Эдвин прижал нос к стеклу, лихорадочно выискивая за окном хоть какие-нибудь признаки жизни. Он выискивал их за деревьями уже тринадцать лет, но ни разу не находил. Только слышал неопределенные шумы.
— Лучше, — повторил он шепотом.
Но в конце концов он отвернулся и взялся за завтрак: безвкусные абрикосы и гренок. Наедине с Матерью, каждое утро, уже пять тысяч завтраков.
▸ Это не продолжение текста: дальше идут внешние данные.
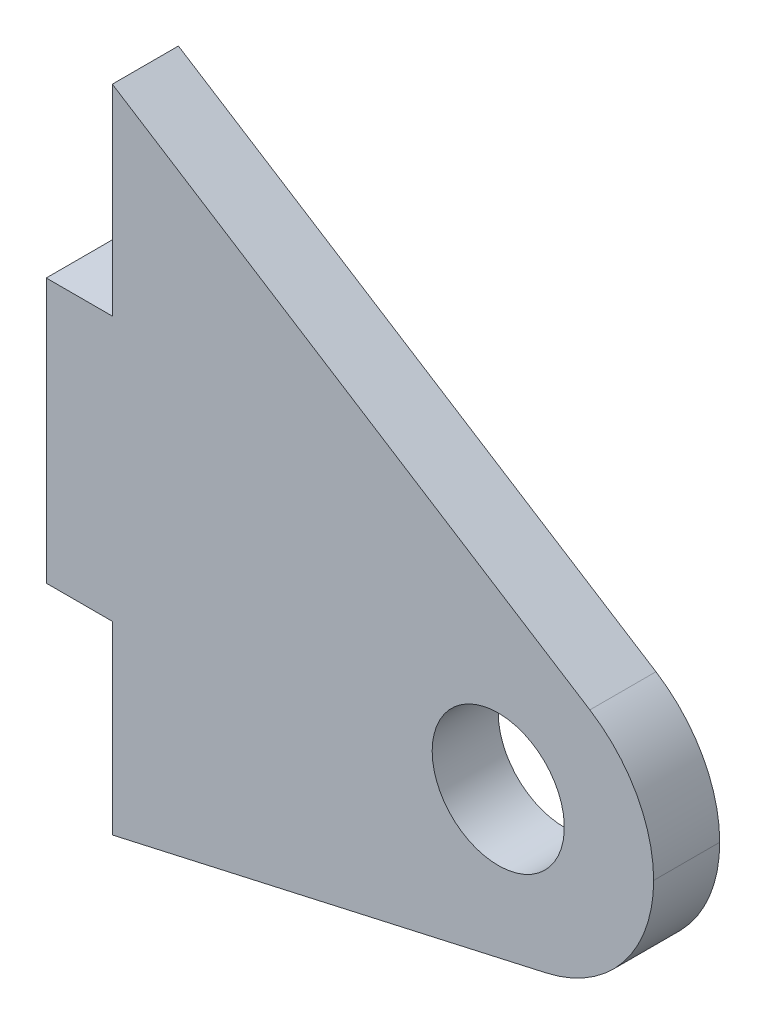
SolidWorks part; units mm, degrees
material "AISI 4340 Steel, annealed"
ref_plane "X-Y Datum" through (0, 0, 0) normal (0, 0, 1) x (1, 0, 0)
ref_plane "X-Z Datum" through (0, 0, 0) normal (0, 1, 0) x (1, 0, 0)
ref_plane "Y-Z Datum" through (0, 0, 0) normal (1, 0, 0) x (0, 0, -1)
sketch "Sketch1" plane through (0, 0, 0) normal (0, 0, 1) x (1, 0, 0)
  line L0 (0, 0) -> (0, 50000) construction
  line L1 (0, 0) -> (50000, 0) construction
  line L2 (68.5482, 0) -> (68.5482, 64.9121)
  line L3 (68.5482, 64.9121) -> (0, 64.9121)
  line L4 (0, 64.9121) -> (0, 0)
  line L5 (0, 0) -> (68.5482, 0)
  dimension "D1" = 90
extrude "Boss-Extrude1" add sketch "Sketch1" along normal blind 3.175
hole_wizard "1/4 (0.25) Diameter Hole1" positions "Sketch2" profile "Sketch3" hole size "1/4" standard "ANSI Inch" end condition through all
sketch "Sketch2" plane through (0, 0, 0) normal (0, 0, -1) x (-1, 0, 0)
  line L0 (-68.5482, 64.9121) -> (0, 64.9121) construction
  line L1 (0, 64.9121) -> (0, 0) construction
  point P0 (-18.542, 44.8461)
  dimension "D1" = 20.066
  dimension "D2" = 18.542
sketch "Sketch3" plane through (18.542, 44.8461, 0) normal (1, 0, 0) x (0, 1, 0)
  line L0 (0, 0) -> (0, 3.175)
  line L1 (0, 3.175) -> (3.175, 3.175)
  line L2 (3.175, 3.175) -> (3.175, 0)
  line L5 (3.175, 0) -> (0, 0)
  line L11 (0, -6.35) -> (0, 107.95) construction
  dimension "Thru Hole Dia." = 6.35
  dimension "Thru Hole Depth" = 3.175
sketch "Sketch4" plane through (0, 0, 0) normal (0, 0, -1) x (-1, 0, 0)
  line L0 (0, 64.9121) -> (-26.0096, 48.4021)
  line L1 (-26.0096, 48.4021) -> (-26.0096, 39.5121)
  line L2 (-26.0096, 39.5121) -> (0, 33.6701)
  line L3 (0, 64.9121) -> (0, 0) construction
  line L4 (0, 33.6701) -> (0, 64.9121)
  line L5 (0, 28.0016) -> (0, 34.8233) construction
  line M6 (-68.5482, 0) -> (0, 0)
  line M7 (0, 0) -> (0, 64.9121)
  line M8 (0, 64.9121) -> (-68.5482, 64.9121)
  line M9 (-68.5482, 64.9121) -> (-68.5482, 0)
  dimension "D1" = 26.0096
  dimension "D2" = 31.242
  dimension "D3" = 8.89
  dimension "D4" = 16.51
extrude "Cut-Extrude1" cut sketch "Sketch4" against normal through all contours L2 L1 L0 M8 M9 M6 M7 region at (37.4212, 30.5076, 0)
fillet "Fillet1" radius 6.604 2 edges at (26.0096, 48.4021, 1.5875) (26.0096, 39.5121, 1.5875)
sketch "Sketch5" plane through (0, 0, 0) normal (0, 0, -1) x (-1, 0, 0)
  line L0 (0, 42.5601) -> (3.175, 42.5601)
  line L1 (0, 64.9121) -> (0, 33.6701) construction
  line L2 (3.175, 42.5601) -> (3.175, 55.2601)
  line L3 (3.175, 55.2601) -> (0, 55.2601)
  line L4 (0, 42.5601) -> (0, 55.2601)
  dimension "D1" = 3.175
  dimension "D2" = 12.7
  dimension "D3" = 8.89
extrude "Boss-Extrude2" add sketch "Sketch5" against normal blind 3.175

Тринадцать лет одно и то же, и за деревьями ни малейшего шевеления, а любопытство растет.
Оба ели молча.
Она была из тех бледных женщин, каких видишь в сводчатом окне на третьем этаже старинного дома: по утрам в девять, днем в час и в четыре, вечером в восемь, а также, если случится вдруг пройтись мимо ночью, то и в три ночи; она стоит там молчаливая и белолицая, спокойная, одинокая на своей верхотуре. Словно минуешь заброшенную оранжерею, где тянет головку к лунному свету последний белый полевой цветок.
А ее сын, Эдвин, был как чертополох, цвет которого облетает под твоим дыханием в пору чертополоха. Волосы его были шелковые, глаза вечно беспокойные, светившиеся синим накалом. Словно бы он видел призраков. Или плохо высыпался. Скажешь нужное слово — и он разлетится, как заряд конфетти из хлопушки.
И вот они сидели за завтраком. Он, как обычно, снедаемый лихорадкой, она, как всегда, с неживой душой, где лишь изредка вспыхивали искры.
Она заговорила, сперва медленно, потом очень быстро и раздраженно, чуть не плюясь:
— С какой стати ты каждое утро меня не слушаешься? — кричала она. — Не желаю я, чтобы ты глазел в окно, не желаю, и все тут. Слышишь, не желаю! Чего ты хочешь? Хочешь увидеть Их? — Ее пальцы конвульсивно задергались. Мать была ослепительно красива, как сердитый белый цветок. — Хочешь видеть Тварей, что шныряют по дорогам и топчут людей, как землянику? Вот чего ты хочешь?